§ **The data**:
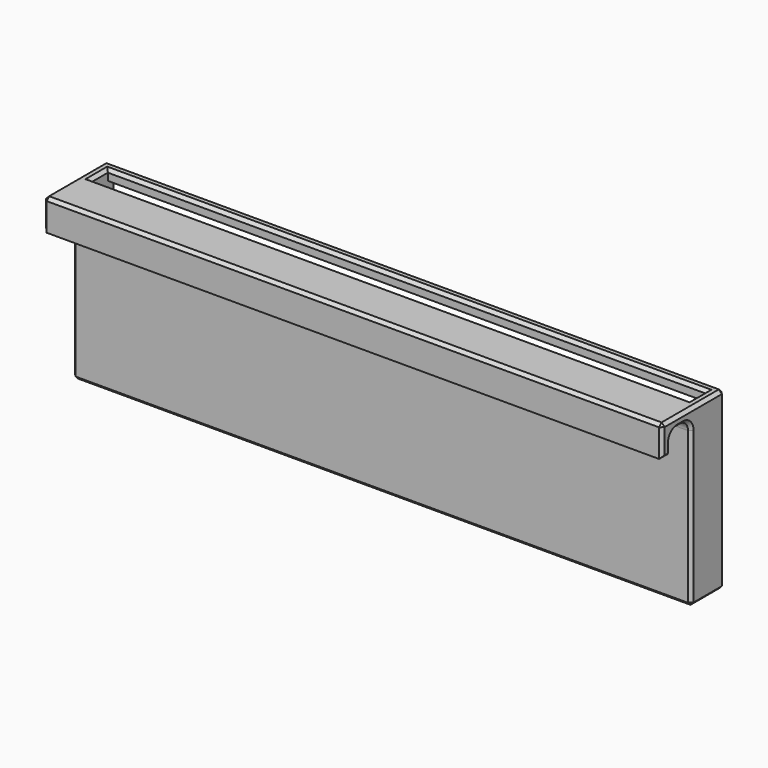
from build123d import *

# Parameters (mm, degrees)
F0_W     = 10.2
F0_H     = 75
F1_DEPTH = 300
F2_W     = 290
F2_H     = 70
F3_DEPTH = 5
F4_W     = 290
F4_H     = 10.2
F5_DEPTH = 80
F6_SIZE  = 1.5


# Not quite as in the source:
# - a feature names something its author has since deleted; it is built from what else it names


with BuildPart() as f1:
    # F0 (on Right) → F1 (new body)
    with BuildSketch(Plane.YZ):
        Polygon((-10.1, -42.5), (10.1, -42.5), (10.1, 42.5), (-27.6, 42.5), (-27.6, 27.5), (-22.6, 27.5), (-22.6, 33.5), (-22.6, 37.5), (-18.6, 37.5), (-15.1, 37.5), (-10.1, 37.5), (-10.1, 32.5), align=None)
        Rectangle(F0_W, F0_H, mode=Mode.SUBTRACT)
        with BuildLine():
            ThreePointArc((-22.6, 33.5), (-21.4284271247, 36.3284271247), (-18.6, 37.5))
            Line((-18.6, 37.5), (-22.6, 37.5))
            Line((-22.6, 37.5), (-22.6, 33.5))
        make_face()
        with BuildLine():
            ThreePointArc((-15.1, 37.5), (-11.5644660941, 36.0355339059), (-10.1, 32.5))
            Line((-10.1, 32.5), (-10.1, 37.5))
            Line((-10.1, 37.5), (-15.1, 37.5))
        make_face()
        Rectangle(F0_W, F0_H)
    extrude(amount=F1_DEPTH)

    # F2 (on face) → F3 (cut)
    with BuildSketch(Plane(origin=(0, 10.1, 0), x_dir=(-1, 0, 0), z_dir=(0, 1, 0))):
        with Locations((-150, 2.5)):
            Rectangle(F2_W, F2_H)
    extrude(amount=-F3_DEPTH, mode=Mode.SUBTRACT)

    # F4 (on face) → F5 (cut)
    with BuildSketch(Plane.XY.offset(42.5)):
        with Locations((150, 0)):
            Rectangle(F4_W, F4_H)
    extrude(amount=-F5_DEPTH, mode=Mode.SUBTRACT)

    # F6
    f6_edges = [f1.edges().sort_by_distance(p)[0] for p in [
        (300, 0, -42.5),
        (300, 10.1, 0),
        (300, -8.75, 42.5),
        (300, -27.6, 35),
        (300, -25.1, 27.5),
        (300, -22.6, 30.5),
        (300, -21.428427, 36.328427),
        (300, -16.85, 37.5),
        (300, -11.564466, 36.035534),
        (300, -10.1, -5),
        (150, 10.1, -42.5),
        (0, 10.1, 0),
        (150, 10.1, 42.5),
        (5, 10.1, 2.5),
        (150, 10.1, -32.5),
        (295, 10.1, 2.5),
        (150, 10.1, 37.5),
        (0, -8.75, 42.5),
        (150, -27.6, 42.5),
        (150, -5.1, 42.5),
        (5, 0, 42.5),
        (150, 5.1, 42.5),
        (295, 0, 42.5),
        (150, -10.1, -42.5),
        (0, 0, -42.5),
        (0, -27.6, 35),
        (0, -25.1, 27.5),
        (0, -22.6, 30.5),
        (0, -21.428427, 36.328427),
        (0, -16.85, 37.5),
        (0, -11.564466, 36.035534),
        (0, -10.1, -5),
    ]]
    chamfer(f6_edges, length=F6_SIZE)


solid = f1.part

§ **Your goal**: Without including any pictures, copy every line above exactly.

§ **Answer section**:
from build123d import *

# Parameters (mm, degrees)
F0_W     = 10.2
F0_H     = 75
F1_DEPTH = 300
F2_W     = 290
F2_H     = 70
F3_DEPTH = 5
F4_W     = 290
F4_H     = 10.2
F5_DEPTH = 80
F6_SIZE  = 1.5


# Not quite as in the source:
# - a feature names something its author has since deleted; it is built from what else it names


with BuildPart() as f1:
    # F0 (on Right) → F1 (new body)
    with BuildSketch(Plane.YZ):
        Polygon((-10.1, -42.5), (10.1, -42.5), (10.1, 42.5), (-27.6, 42.5), (-27.6, 27.5), (-22.6, 27.5), (-22.6, 33.5), (-22.6, 37.5), (-18.6, 37.5), (-15.1, 37.5), (-10.1, 37.5), (-10.1, 32.5), align=None)
        Rectangle(F0_W, F0_H, mode=Mode.SUBTRACT)
        with BuildLine():
            ThreePointArc((-22.6, 33.5), (-21.4284271247, 36.3284271247), (-18.6, 37.5))
            Line((-18.6, 37.5), (-22.6, 37.5))
            Line((-22.6, 37.5), (-22.6, 33.5))
        make_face()
        with BuildLine():
            ThreePointArc((-15.1, 37.5), (-11.5644660941, 36.0355339059), (-10.1, 32.5))
            Line((-10.1, 32.5), (-10.1, 37.5))
            Line((-10.1, 37.5), (-15.1, 37.5))
        make_face()
        Rectangle(F0_W, F0_H)
    extrude(amount=F1_DEPTH)

    # F2 (on face) → F3 (cut)
    with BuildSketch(Plane(origin=(0, 10.1, 0), x_dir=(-1, 0, 0), z_dir=(0, 1, 0))):
        with Locations((-150, 2.5)):
            Rectangle(F2_W, F2_H)
    extrude(amount=-F3_DEPTH, mode=Mode.SUBTRACT)

    # F4 (on face) → F5 (cut)
    with BuildSketch(Plane.XY.offset(42.5)):
        with Locations((150, 0)):
            Rectangle(F4_W, F4_H)
    extrude(amount=-F5_DEPTH, mode=Mode.SUBTRACT)

    # F6
    f6_edges = [f1.edges().sort_by_distance(p)[0] for p in [
        (300, 0, -42.5),
        (300, 10.1, 0),
        (300, -8.75, 42.5),
        (300, -27.6, 35),
        (300, -25.1, 27.5),
        (300, -22.6, 30.5),
        (300, -21.428427, 36.328427),
        (300, -16.85, 37.5),
        (300, -11.564466, 36.035534),
        (300, -10.1, -5),
        (150, 10.1, -42.5),
        (0, 10.1, 0),
        (150, 10.1, 42.5),
        (5, 10.1, 2.5),
        (150, 10.1, -32.5),
        (295, 10.1, 2.5),
        (150, 10.1, 37.5),
        (0, -8.75, 42.5),
        (150, -27.6, 42.5),
        (150, -5.1, 42.5),
        (5, 0, 42.5),
        (150, 5.1, 42.5),
        (295, 0, 42.5),
        (150, -10.1, -42.5),
        (0, 0, -42.5),
        (0, -27.6, 35),
        (0, -25.1, 27.5),
        (0, -22.6, 30.5),
        (0, -21.428427, 36.328427),
        (0, -16.85, 37.5),
        (0, -11.564466, 36.035534),
        (0, -10.1, -5),
    ]]
    chamfer(f6_edges, length=F6_SIZE)


solid = f1.part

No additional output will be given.